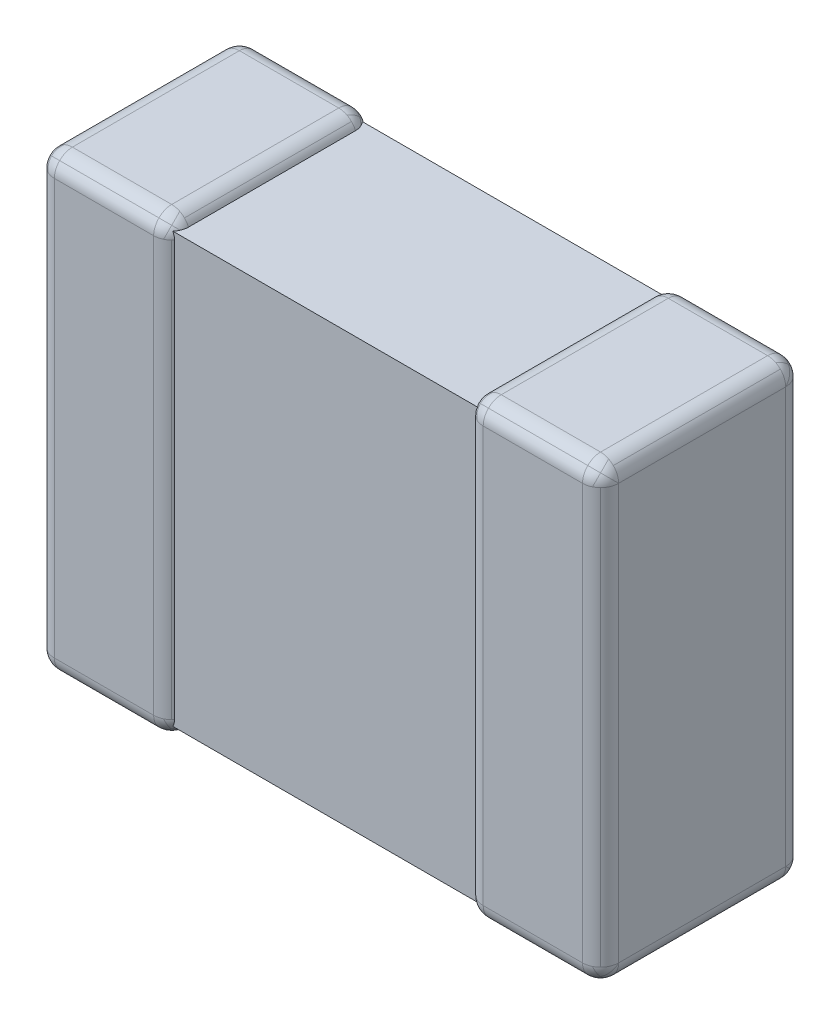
ISO-10303-21;
HEADER;
FILE_DESCRIPTION(('STEP AP214'),'2;1');
FILE_NAME('part.step','',(''),(''),'','','');
FILE_SCHEMA(('AUTOMOTIVE_DESIGN { 1 0 10303 214 1 1 1 1 }'));
ENDSEC;
DATA;
#1=APPLICATION_CONTEXT('core data for automotive mechanical design processes');
#2=APPLICATION_PROTOCOL_DEFINITION('international standard','automotive_design',2000,#1);
#3=PRODUCT_CONTEXT('',#1,'mechanical');
#4=PRODUCT('Part','Part','',(#3));
#5=PRODUCT_RELATED_PRODUCT_CATEGORY('part','',(#4));
#6=PRODUCT_DEFINITION_FORMATION('','',#4);
#7=PRODUCT_DEFINITION_CONTEXT('part definition',#1,'design');
#8=PRODUCT_DEFINITION('design','',#6,#7);
#9=PRODUCT_DEFINITION_SHAPE('','',#8);
#10=(LENGTH_UNIT() NAMED_UNIT(*) SI_UNIT(.MILLI.,.METRE.));
#11=(NAMED_UNIT(*) PLANE_ANGLE_UNIT() SI_UNIT($,.RADIAN.));
#12=(NAMED_UNIT(*) SI_UNIT($,.STERADIAN.) SOLID_ANGLE_UNIT());
#13=UNCERTAINTY_MEASURE_WITH_UNIT(LENGTH_MEASURE(1.E-05),#10,'distance_accuracy_value','');
#14=(GEOMETRIC_REPRESENTATION_CONTEXT(3) GLOBAL_UNCERTAINTY_ASSIGNED_CONTEXT((#13)) GLOBAL_UNIT_ASSIGNED_CONTEXT((#10,
#11,#12)) REPRESENTATION_CONTEXT('',''));
#15=CARTESIAN_POINT('',(0.,0.,0.));
#16=DIRECTION('',(0.,0.,1.));
#17=DIRECTION('',(1.,0.,0.));
#18=AXIS2_PLACEMENT_3D('',#15,#16,#17);
#19=CARTESIAN_POINT('',(5.15,18.2,0.9));
#20=DIRECTION('',(0.,0.,1.));
#21=DIRECTION('',(1.,0.,0.));
#22=AXIS2_PLACEMENT_3D('',#19,#20,#21);
#23=PLANE('',#22);
#24=DIRECTION('',(0.,1.,0.));
#25=VECTOR('',#24,1.);
#26=CARTESIAN_POINT('',(4.93,18.7,0.9));
#27=LINE('',#26,#25);
#28=CARTESIAN_POINT('',(4.93,17.28,0.9));
#29=VERTEX_POINT('',#28);
#30=CARTESIAN_POINT('',(4.93,19.12,0.9));
#31=VERTEX_POINT('',#30);
#32=EDGE_CURVE('E1303',#29,#31,#27,.T.);
#33=ORIENTED_EDGE('',*,*,#32,.F.);
#34=DIRECTION('',(-1.,0.,0.));
#35=VECTOR('',#34,1.);
#36=CARTESIAN_POINT('',(5.,17.28,0.9));
#37=LINE('',#36,#35);
#38=CARTESIAN_POINT('',(5.37,17.28,0.9));
#39=VERTEX_POINT('',#38);
#40=EDGE_CURVE('E1279',#39,#29,#37,.T.);
#41=ORIENTED_EDGE('',*,*,#40,.F.);
#42=DIRECTION('',(0.,-1.,0.));
#43=VECTOR('',#42,1.);
#44=CARTESIAN_POINT('',(5.37,17.7,0.9));
#45=LINE('',#44,#43);
#46=CARTESIAN_POINT('',(5.37,19.12,0.9));
#47=VERTEX_POINT('',#46);
#48=EDGE_CURVE('E1238',#47,#39,#45,.T.);
#49=ORIENTED_EDGE('',*,*,#48,.F.);
#50=DIRECTION('',(1.,0.,0.));
#51=VECTOR('',#50,1.);
#52=CARTESIAN_POINT('',(5.3,19.12,0.9));
#53=LINE('',#52,#51);
#54=EDGE_CURVE('E1119',#31,#47,#53,.T.);
#55=ORIENTED_EDGE('',*,*,#54,.F.);
#56=EDGE_LOOP('',(#33,#41,#49,#55));
#57=FACE_BOUND('',#56,.T.);
#58=ADVANCED_FACE('F18',(#57),#23,.T.);
#59=CARTESIAN_POINT('',(5.45,19.2,0.45));
#60=DIRECTION('',(0.,1.,0.));
#61=DIRECTION('',(1.,0.,0.));
#62=AXIS2_PLACEMENT_3D('',#59,#60,#61);
#63=PLANE('',#62);
#64=DIRECTION('',(0.,0.,-1.));
#65=VECTOR('',#64,1.);
#66=CARTESIAN_POINT('',(4.93,19.2,0.45));
#67=LINE('',#66,#65);
#68=CARTESIAN_POINT('',(4.93,19.2,0.82));
#69=VERTEX_POINT('',#68);
#70=CARTESIAN_POINT('',(4.93,19.2,0.08));
#71=VERTEX_POINT('',#70);
#72=EDGE_CURVE('E1284',#69,#71,#67,.T.);
#73=ORIENTED_EDGE('',*,*,#72,.F.);
#74=DIRECTION('',(-1.,0.,0.));
#75=VECTOR('',#74,1.);
#76=CARTESIAN_POINT('',(5.3,19.2,0.82));
#77=LINE('',#76,#75);
#78=CARTESIAN_POINT('',(5.37,19.2,0.82));
#79=VERTEX_POINT('',#78);
#80=EDGE_CURVE('E27',#79,#69,#77,.T.);
#81=ORIENTED_EDGE('',*,*,#80,.F.);
#82=DIRECTION('',(0.,0.,1.));
#83=VECTOR('',#82,1.);
#84=CARTESIAN_POINT('',(5.37,19.2,0.45));
#85=LINE('',#84,#83);
#86=CARTESIAN_POINT('',(5.37,19.2,0.08));
#87=VERTEX_POINT('',#86);
#88=EDGE_CURVE('E1376',#87,#79,#85,.T.);
#89=ORIENTED_EDGE('',*,*,#88,.F.);
#90=DIRECTION('',(1.,0.,0.));
#91=VECTOR('',#90,1.);
#92=CARTESIAN_POINT('',(5.3,19.2,0.08));
#93=LINE('',#92,#91);
#94=EDGE_CURVE('E1777',#71,#87,#93,.T.);
#95=ORIENTED_EDGE('',*,*,#94,.F.);
#96=EDGE_LOOP('',(#73,#81,#89,#95));
#97=FACE_BOUND('',#96,.T.);
#98=ADVANCED_FACE('F1884',(#97),#63,.T.);
#99=CARTESIAN_POINT('',(4.85,19.2,0.45));
#100=DIRECTION('',(-1.,0.,0.));
#101=DIRECTION('',(0.,0.,1.));
#102=AXIS2_PLACEMENT_3D('',#99,#100,#101);
#103=PLANE('',#102);
#104=DIRECTION('',(0.,0.,1.));
#105=VECTOR('',#104,1.);
#106=CARTESIAN_POINT('',(4.85,19.12,0.45));
#107=LINE('',#106,#105);
#108=CARTESIAN_POINT('',(4.85,19.12,0.08));
#109=VERTEX_POINT('',#108);
#110=CARTESIAN_POINT('',(4.85,19.12,0.82));
#111=VERTEX_POINT('',#110);
#112=EDGE_CURVE('E1773',#109,#111,#107,.T.);
#113=ORIENTED_EDGE('',*,*,#112,.F.);
#114=DIRECTION('',(0.,1.,0.));
#115=VECTOR('',#114,1.);
#116=CARTESIAN_POINT('',(4.85,18.7,0.08));
#117=LINE('',#116,#115);
#118=CARTESIAN_POINT('',(4.85,17.28,0.08));
#119=VERTEX_POINT('',#118);
#120=EDGE_CURVE('E1780',#119,#109,#117,.T.);
#121=ORIENTED_EDGE('',*,*,#120,.F.);
#122=DIRECTION('',(0.,0.,-1.));
#123=VECTOR('',#122,1.);
#124=CARTESIAN_POINT('',(4.85,17.28,0.45));
#125=LINE('',#124,#123);
#126=CARTESIAN_POINT('',(4.85,17.28,0.82));
#127=VERTEX_POINT('',#126);
#128=EDGE_CURVE('E1175',#127,#119,#125,.T.);
#129=ORIENTED_EDGE('',*,*,#128,.F.);
#130=DIRECTION('',(0.,-1.,0.));
#131=VECTOR('',#130,1.);
#132=CARTESIAN_POINT('',(4.85,18.7,0.82));
#133=LINE('',#132,#131);
#134=EDGE_CURVE('E1506',#111,#127,#133,.T.);
#135=ORIENTED_EDGE('',*,*,#134,.F.);
#136=EDGE_LOOP('',(#113,#121,#129,#135));
#137=FACE_BOUND('',#136,.T.);
#138=ADVANCED_FACE('F1791',(#137),#103,.T.);
#139=CARTESIAN_POINT('',(5.15,18.2,0.));
#140=DIRECTION('',(0.,0.,-1.));
#141=DIRECTION('',(0.,-1.,0.));
#142=AXIS2_PLACEMENT_3D('',#139,#140,#141);
#143=PLANE('',#142);
#144=DIRECTION('',(0.,1.,0.));
#145=VECTOR('',#144,1.);
#146=CARTESIAN_POINT('',(5.37,17.7,0.));
#147=LINE('',#146,#145);
#148=CARTESIAN_POINT('',(5.37,17.28,0.));
#149=VERTEX_POINT('',#148);
#150=CARTESIAN_POINT('',(5.37,19.12,0.));
#151=VERTEX_POINT('',#150);
#152=EDGE_CURVE('E1352',#149,#151,#147,.T.);
#153=ORIENTED_EDGE('',*,*,#152,.F.);
#154=DIRECTION('',(1.,0.,0.));
#155=VECTOR('',#154,1.);
#156=CARTESIAN_POINT('',(5.,17.28,0.));
#157=LINE('',#156,#155);
#158=CARTESIAN_POINT('',(4.93,17.28,0.));
#159=VERTEX_POINT('',#158);
#160=EDGE_CURVE('E913',#159,#149,#157,.T.);
#161=ORIENTED_EDGE('',*,*,#160,.F.);
#162=DIRECTION('',(0.,-1.,0.));
#163=VECTOR('',#162,1.);
#164=CARTESIAN_POINT('',(4.93,18.7,0.));
#165=LINE('',#164,#163);
#166=CARTESIAN_POINT('',(4.93,19.12,0.));
#167=VERTEX_POINT('',#166);
#168=EDGE_CURVE('E1327',#167,#159,#165,.T.);
#169=ORIENTED_EDGE('',*,*,#168,.F.);
#170=DIRECTION('',(-1.,0.,0.));
#171=VECTOR('',#170,1.);
#172=CARTESIAN_POINT('',(5.3,19.12,0.));
#173=LINE('',#172,#171);
#174=EDGE_CURVE('E1059',#151,#167,#173,.T.);
#175=ORIENTED_EDGE('',*,*,#174,.F.);
#176=EDGE_LOOP('',(#153,#161,#169,#175));
#177=FACE_BOUND('',#176,.T.);
#178=ADVANCED_FACE('F1921',(#177),#143,.T.);
#179=CARTESIAN_POINT('',(4.85,17.2,0.45));
#180=DIRECTION('',(0.,-1.,0.));
#181=DIRECTION('',(-1.,0.,0.));
#182=AXIS2_PLACEMENT_3D('',#179,#180,#181);
#183=PLANE('',#182);
#184=DIRECTION('',(0.,0.,1.));
#185=VECTOR('',#184,1.);
#186=CARTESIAN_POINT('',(4.93,17.2,0.45));
#187=LINE('',#186,#185);
#188=CARTESIAN_POINT('',(4.93,17.2,0.08));
#189=VERTEX_POINT('',#188);
#190=CARTESIAN_POINT('',(4.93,17.2,0.82));
#191=VERTEX_POINT('',#190);
#192=EDGE_CURVE('E1763',#189,#191,#187,.T.);
#193=ORIENTED_EDGE('',*,*,#192,.F.);
#194=DIRECTION('',(-1.,0.,0.));
#195=VECTOR('',#194,1.);
#196=CARTESIAN_POINT('',(5.,17.2,0.08));
#197=LINE('',#196,#195);
#198=CARTESIAN_POINT('',(5.37,17.2,0.08));
#199=VERTEX_POINT('',#198);
#200=EDGE_CURVE('E1783',#199,#189,#197,.T.);
#201=ORIENTED_EDGE('',*,*,#200,.F.);
#202=DIRECTION('',(0.,0.,-1.));
#203=VECTOR('',#202,1.);
#204=CARTESIAN_POINT('',(5.37,17.2,0.45));
#205=LINE('',#204,#203);
#206=CARTESIAN_POINT('',(5.37,17.2,0.82));
#207=VERTEX_POINT('',#206);
#208=EDGE_CURVE('E1480',#207,#199,#205,.T.);
#209=ORIENTED_EDGE('',*,*,#208,.F.);
#210=DIRECTION('',(1.,0.,0.));
#211=VECTOR('',#210,1.);
#212=CARTESIAN_POINT('',(5.,17.2,0.82));
#213=LINE('',#212,#211);
#214=EDGE_CURVE('E11',#191,#207,#213,.T.);
#215=ORIENTED_EDGE('',*,*,#214,.F.);
#216=EDGE_LOOP('',(#193,#201,#209,#215));
#217=FACE_BOUND('',#216,.T.);
#218=ADVANCED_FACE('F1919',(#217),#183,.T.);
#219=CARTESIAN_POINT('',(5.,17.28,0.82));
#220=DIRECTION('',(-1.,0.,0.));
#221=DIRECTION('',(0.,-0.707106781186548,0.707106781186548));
#222=AXIS2_PLACEMENT_3D('',#219,#220,#221);
#223=CYLINDRICAL_SURFACE('',#222,0.08);
#224=DIRECTION('',(1.,0.,0.));
#225=VECTOR('',#224,1.);
#226=CARTESIAN_POINT('',(5.,17.2234314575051,0.876568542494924));
#227=LINE('',#226,#225);
#228=CARTESIAN_POINT('',(4.93,17.2234314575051,0.876568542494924));
#229=VERTEX_POINT('',#228);
#230=CARTESIAN_POINT('',(5.37,17.2234314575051,0.876568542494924));
#231=VERTEX_POINT('',#230);
#232=EDGE_CURVE('E1288',#229,#231,#227,.T.);
#233=ORIENTED_EDGE('',*,*,#232,.F.);
#234=CARTESIAN_POINT('',(4.93,17.28,0.82));
#235=DIRECTION('',(1.,0.,0.));
#236=DIRECTION('',(0.,0.,1.));
#237=AXIS2_PLACEMENT_3D('',#234,#235,#236);
#238=CIRCLE('',#237,0.08);
#239=EDGE_CURVE('E1756',#229,#191,#238,.T.);
#240=ORIENTED_EDGE('',*,*,#239,.T.);
#241=ORIENTED_EDGE('',*,*,#214,.T.);
#242=CARTESIAN_POINT('',(5.37,17.28,0.82));
#243=DIRECTION('',(-1.,0.,0.));
#244=DIRECTION('',(0.,-1.,0.));
#245=AXIS2_PLACEMENT_3D('',#242,#243,#244);
#246=CIRCLE('',#245,0.08);
#247=EDGE_CURVE('E845',#207,#231,#246,.T.);
#248=ORIENTED_EDGE('',*,*,#247,.T.);
#249=EDGE_LOOP('',(#233,#240,#241,#248));
#250=FACE_BOUND('',#249,.T.);
#251=ADVANCED_FACE('F1858',(#250),#223,.T.);
#252=CARTESIAN_POINT('',(5.3,19.12,0.82));
#253=DIRECTION('',(1.,0.,0.));
#254=DIRECTION('',(0.,0.707106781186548,0.707106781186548));
#255=AXIS2_PLACEMENT_3D('',#252,#253,#254);
#256=CYLINDRICAL_SURFACE('',#255,0.08);
#257=DIRECTION('',(-1.,0.,0.));
#258=VECTOR('',#257,1.);
#259=CARTESIAN_POINT('',(5.3,19.1765685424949,0.876568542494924));
#260=LINE('',#259,#258);
#261=CARTESIAN_POINT('',(5.37,19.1765685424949,0.876568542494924));
#262=VERTEX_POINT('',#261);
#263=CARTESIAN_POINT('',(4.93,19.1765685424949,0.876568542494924));
#264=VERTEX_POINT('',#263);
#265=EDGE_CURVE('E1274',#262,#264,#260,.T.);
#266=ORIENTED_EDGE('',*,*,#265,.F.);
#267=CARTESIAN_POINT('',(5.37,19.12,0.82));
#268=DIRECTION('',(-1.,0.,0.));
#269=DIRECTION('',(0.,0.,1.));
#270=AXIS2_PLACEMENT_3D('',#267,#268,#269);
#271=CIRCLE('',#270,0.08);
#272=EDGE_CURVE('E952',#262,#79,#271,.T.);
#273=ORIENTED_EDGE('',*,*,#272,.T.);
#274=ORIENTED_EDGE('',*,*,#80,.T.);
#275=CARTESIAN_POINT('',(4.93,19.12,0.82));
#276=DIRECTION('',(1.,0.,0.));
#277=DIRECTION('',(0.,1.,0.));
#278=AXIS2_PLACEMENT_3D('',#275,#276,#277);
#279=CIRCLE('',#278,0.08);
#280=EDGE_CURVE('E1215',#69,#264,#279,.T.);
#281=ORIENTED_EDGE('',*,*,#280,.T.);
#282=EDGE_LOOP('',(#266,#273,#274,#281));
#283=FACE_BOUND('',#282,.T.);
#284=ADVANCED_FACE('F1881',(#283),#256,.T.);
#285=CARTESIAN_POINT('',(4.93,18.7,0.82));
#286=DIRECTION('',(0.,1.,0.));
#287=DIRECTION('',(-0.707106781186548,0.,0.707106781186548));
#288=AXIS2_PLACEMENT_3D('',#285,#286,#287);
#289=CYLINDRICAL_SURFACE('',#288,0.08);
#290=DIRECTION('',(0.,-1.,0.));
#291=VECTOR('',#290,1.);
#292=CARTESIAN_POINT('',(4.87343145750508,18.7,0.876568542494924));
#293=LINE('',#292,#291);
#294=CARTESIAN_POINT('',(4.87343145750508,19.12,0.876568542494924));
#295=VERTEX_POINT('',#294);
#296=CARTESIAN_POINT('',(4.87343145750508,17.28,0.876568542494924));
#297=VERTEX_POINT('',#296);
#298=EDGE_CURVE('E717',#295,#297,#293,.T.);
#299=ORIENTED_EDGE('',*,*,#298,.F.);
#300=CARTESIAN_POINT('',(4.93,19.12,0.82));
#301=DIRECTION('',(0.,-1.,0.));
#302=DIRECTION('',(0.,0.,1.));
#303=AXIS2_PLACEMENT_3D('',#300,#301,#302);
#304=CIRCLE('',#303,0.08);
#305=EDGE_CURVE('E720',#295,#111,#304,.T.);
#306=ORIENTED_EDGE('',*,*,#305,.T.);
#307=ORIENTED_EDGE('',*,*,#134,.T.);
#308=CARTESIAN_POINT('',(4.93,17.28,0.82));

****

» Activity
Within the material above, copy exactly the lines from the line that holds "#280=EDGE_CURVE('E1215',#69,#264,#279,.T.);" up to and including the line that holds "#303=AXIS2_PLACEMENT_3D('',#300,#301,#302);".

» Answer for this exercise
#280=EDGE_CURVE('E1215',#69,#264,#279,.T.);
#281=ORIENTED_EDGE('',*,*,#280,.T.);
#282=EDGE_LOOP('',(#266,#273,#274,#281));
#283=FACE_BOUND('',#282,.T.);
#284=ADVANCED_FACE('F1881',(#283),#256,.T.);
#285=CARTESIAN_POINT('',(4.93,18.7,0.82));
#286=DIRECTION('',(0.,1.,0.));
#287=DIRECTION('',(-0.707106781186548,0.,0.707106781186548));
#288=AXIS2_PLACEMENT_3D('',#285,#286,#287);
#289=CYLINDRICAL_SURFACE('',#288,0.08);
#290=DIRECTION('',(0.,-1.,0.));
#291=VECTOR('',#290,1.);
#292=CARTESIAN_POINT('',(4.87343145750508,18.7,0.876568542494924));
#293=LINE('',#292,#291);
#294=CARTESIAN_POINT('',(4.87343145750508,19.12,0.876568542494924));
#295=VERTEX_POINT('',#294);
#296=CARTESIAN_POINT('',(4.87343145750508,17.28,0.876568542494924));
#297=VERTEX_POINT('',#296);
#298=EDGE_CURVE('E717',#295,#297,#293,.T.);
#299=ORIENTED_EDGE('',*,*,#298,.F.);
#300=CARTESIAN_POINT('',(4.93,19.12,0.82));
#301=DIRECTION('',(0.,-1.,0.));
#302=DIRECTION('',(0.,0.,1.));
#303=AXIS2_PLACEMENT_3D('',#300,#301,#302);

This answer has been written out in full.